◆ EXERCISE DESCRIPTION ◆
Among the lines below, copy exactly those from the one with "line L3 (-9.525, -3.048)" through the one with "constraints: 16 end point, 2", counting both ends.

◆ DATA RECORDS ◆
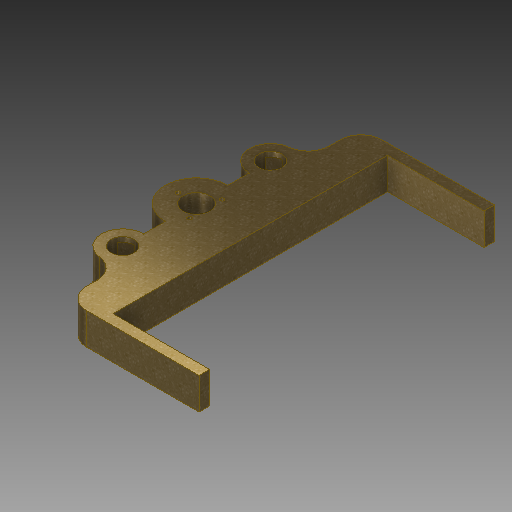
# Autodesk Inventor part: AlteredPlatform
Saved by Autodesk Inventor 2018 (Build 220112000, 112)
## iProperties
Created: 2017-10-12
Part Number: AlteredPlatform
Material: Generic
Document SubType Name: Modeling
Designer: 1452927
Density: 1 g/cm^3
Appearance: Foil Gold
Author: 1452927
Autodesk Inventor part; units mm, degrees
ref_plane "YZ Plane" through (0, 0, 0) normal (1, 0, 0) x (0, 1, 0)
sketch "Sketch1" plane through (0, 0, 0) normal (0, 1, 0) x (-1, 0, 0)
  circle A0 centre (0, 0) radius 8.0645
  circle A1 centre (0, -44.45) radius 6.985
  circle A2 centre (0, 44.45) radius 6.985
  line L0 (-39.6048, 88.9) -> (39.6048, 88.9)
  line L1 (39.6048, 88.9) -> (39.6048, -88.9)
  line L2 (39.6048, -88.9) -> (-39.6048, -88.9)
  line L3 (-39.6048, -88.9) -> (-39.6048, 88.9)
  line L4 (-39.6048, 88.9) -> (39.6048, -88.9) construction
  line L5 (39.6048, 88.9) -> (-39.6048, -88.9) construction
  line L6 (10.9754, 63.5) -> (10.9754, 0) construction
  point P0 (0, 0)
  point P1 (0, 0)
  dimension "d0" = 16.129
  dimension "d1" = 13.97
  dimension "d2" = 13.97
  dimension "d28" = 177.8
  dimension "d82" = 44.45
  dimension "d83" = 44.45
  constraints: 14 end point, 4 midpoint, 3 centre point, 2 coincident, 2 parallel, 1 horizontal, 1 perpendicular, 1 vertical, 4 other
  measures "d0" diameter of A0
  measures "d1" diameter of A1
  measures "d2" diameter of A2
  measures "d28" distance of L0.end L1.end
  measures "d82" distance of A0.centre A1.centre
  measures "d83" distance of point (0, 44.45) A0.centre
extrude "Extrusion4" add sketch "Sketch1" along normal blind 19.05
ref_plane "Work Plane2" through (0, 19.05, 0) normal (0, 1, 0) x (1, 0, 0)
sketch "Sketch2" plane through (0, 19.05, 0) normal (0, 1, 0) x (1, 0, 0)
  circle A0 centre (-11.2395, 0) radius 1.25
  circle A1 centre (0, 0) radius 7.94 projected
  circle A2 centre (5.6197, -9.7337) radius 1.25
  circle A3 centre (5.6198, 9.7337) radius 1.25
  dimension "d11" = 2.5
  dimension "d12" = 11.2395
  dimension "d15" = 360
  constraints: 3 centre point, 7 other
  measures "d11" diameter of A0
  measures "d12" distance of A0.centre A1.centre
ref_plane "Work Plane1" through (0, 19.05, 0) normal (0, 1, 0) x (1, 0, 0)
extrude "Extrusion5" cut sketch "Sketch2" against normal up to next contours A0 | A2 | A3
sketch "Sketch6" plane through (0, 19.05, 0) normal (0, 1, 0) x (1, 0, 0)
  circle A0 centre (0, 0) radius 8.0645 projected
  arc A1 (0, 18.8395) -> (0, -18.8395) centre (0, 0) ccw
  circle A2 centre (-11.2395, 0) radius 1.25 projected
  circle A3 centre (0, -44.45) radius 6.985 projected
  circle A4 centre (0, -44.45) radius 6.985 projected
  arc A5 (0, -31.75) -> (0, -57.15) centre (0, -44.45) ccw
  line L0 (54.9709, 0) -> (-46.1054, 0) construction
  arc A6 (0, 57.15) -> (0, 31.75) centre (0, 44.45) ccw
  line L1 (10.0601, -57.15) -> (10.0601, -88.9)
  line L2 (10.0601, -88.9) -> (-39.6048, -88.9)
  line L3 (-39.6048, 88.9) -> (-39.6048, -88.9) projected
  line L4 (-39.6048, -88.9) -> (-39.6048, 88.9)
  line L5 (-39.6048, 88.9) -> (10.0601, 88.9)
  line L6 (10.0601, 57.15) -> (10.0601, 88.9)
  line L7 (0, 57.15) -> (10.0601, 57.15)
  line L8 (0, 31.75) -> (0, 18.8395)
  line L9 (0, -18.8395) -> (0, -31.75)
  line L10 (10.0601, -57.15) -> (0, -57.15)
  point P0 (0, 0)
  dimension "d77" = 6.35
  dimension "d103" = 12.7
  constraints: 20 end point, 6 point on circle, 4 symmetric about line, 3 centre point, 2 coincident, 2 perpendicular, 2 vertical, 1 collinear, 1 horizontal, 1 tangent, 1 other
  measures "d103" radius of A5
sketch "Sketch12" plane through (0, 19.05, 0) normal (0, 1, 0) x (1, 0, 0)
  line L0 (39.6048, -88.9) -> (39.6048, 88.9) projected
  line L1 (39.6048, -82.55) -> (19.685, -82.55)
  line L2 (19.685, -82.55) -> (19.685, 82.55)
  line L3 (19.685, 82.55) -> (39.6048, 82.55)
  line L4 (39.6048, 82.55) -> (39.6048, -82.55)
  line L5 (39.6048, 88.9) -> (-39.6048, 88.9) projected
  line L6 (-39.6048, -88.9) -> (39.6048, -88.9) projected
  circle A0 centre (0, -44.45) radius 6.985 projected
  point P0 (0, 0)
  point P1 (12.7, 88.9)
  point P2 (12.7, -88.9)
  point P3 (0, 88.9)
  point P4 (10.0601, 88.9)
  point P5 (10.0601, -88.9)
  dimension "d72" = 6.35
  dimension "d73" = 6.35
  dimension "d74" = 12.7
  constraints: 8 end point, 2 parallel, 1 horizontal, 1 perpendicular, 1 point on line
  measures "d72" distance between parallel lines of L5 L3
  measures "d73" distance between parallel lines of L1 L6
  measures "d74" distance edge to line of A0 L2
extrude "Extrusion10" cut sketch "Sketch12" against normal up to next contours L1 L2 L3 L0
sketch "Sketch13" plane through (39.6048, 0, 88.9) normal (1, 0, 0) x (0, 0, -1)
  line L0 (0, 0) -> (0, 19.05) projected
  line L1 (171.45, 0) -> (6.35, 0) projected
  line L2 (0, 19.05) -> (6.35, 19.05)
  line L3 (6.35, 19.05) -> (6.35, 0)
  line L4 (6.35, 0) -> (0, 0)
  line L5 (0, 0) -> (0, 19.05)
  line L6 (171.45, 19.05) -> (171.45, 0) projected
  line L7 (177.8, 19.05) -> (177.8, 0) projected
  line L8 (171.45, 19.05) -> (177.8, 19.05)
  line L9 (177.8, 19.05) -> (177.8, 0)
  line L10 (177.8, 0) -> (171.45, 0)
  line L11 (171.45, 0) -> (171.45, 19.05)
  point P0 (88.9, 0)
  constraints: 16 end point, 4 parallel, 2 horizontal, 2 perpendicular
extrude "Extrusion11" add sketch "Sketch13" along normal blind 50.8
sketch "Sketch14" plane through (19.685, 19.05, 82.55) normal (1, 0, 0) x (0, 0, -1)
  line L0 (0, 0) -> (0, -19.05) projected
  line L1 (165.1, -19.05) -> (0, -19.05) projected
  line L2 (0, 0) -> (165.1, 0)
  line L3 (165.1, 0) -> (165.1, -19.05)
  line L4 (165.1, -19.05) -> (0, -19.05)
  line L5 (0, -19.05) -> (0, 0)
  point P0 (82.55, -19.05)
  constraints: 8 end point, 2 parallel, 1 horizontal, 1 perpendicular
extrude "Extrusion12" add sketch "Sketch14" along normal blind 12.7
extrude "Extrusion14" cut sketch "Sketch6" against normal up to next contours A1 L9 A5 L10 L1 L2 L3 L5 L6 L7 A6 L8
sketch "Sketch16" plane through (0, 19.05, -31.75) normal (-1, 0, 0) x (0, 0, 1)
  line L0 (-15.875, -3.048) -> (-15.875, -16.002)
  line L1 (-19.685, -16.002) -> (-19.685, -3.048)
  line L2 (-19.685, -3.048) -> (-15.875, -3.048)
  line L3 (-9.525, -3.048) -> (-5.715, -3.048)
  line L4 (-19.685, -16.002) -> (-15.875, -16.002)
  line L5 (-9.525, -16.002) -> (-5.715, -16.002)
  line L6 (-5.715, -3.048) -> (-5.715, -16.002)
  line L7 (-9.525, -3.048) -> (-9.525, -16.002)
  point P0 (31.75, -19.05)
  dimension "d106" = 3.81
  dimension "d112" = 3.81
  constraints: 16 end point, 2 horizontal, 1 parallel, 1 perpendicular
  measures "d106" distance between parallel lines of L1 L0
  measures "d112" distance of L3.start L3.end
extrude "Extrusion15" cut sketch "Sketch16" along normal up to next
mirror "Mirror3" about plane through (0, 0, 0) normal (0, 0, 1) of "Extrusion15"
fillet "Fillet8" radius 12.7 4 edges at (10.0601, 9.525, 57.15) (10.0601, 9.525, 88.9) (10.0601, 9.525, -88.9) (10.0601, 9.525, -57.15)
body "Solid2"

◆ TASK OUTPUT ◆
  line L3 (-9.525, -3.048) -> (-5.715, -3.048)
  line L4 (-19.685, -16.002) -> (-15.875, -16.002)
  line L5 (-9.525, -16.002) -> (-5.715, -16.002)
  line L6 (-5.715, -3.048) -> (-5.715, -16.002)
  line L7 (-9.525, -3.048) -> (-9.525, -16.002)
  point P0 (31.75, -19.05)
  dimension "d106" = 3.81
  dimension "d112" = 3.81
  constraints: 16 end point, 2 horizontal, 1 parallel, 1 perpendicular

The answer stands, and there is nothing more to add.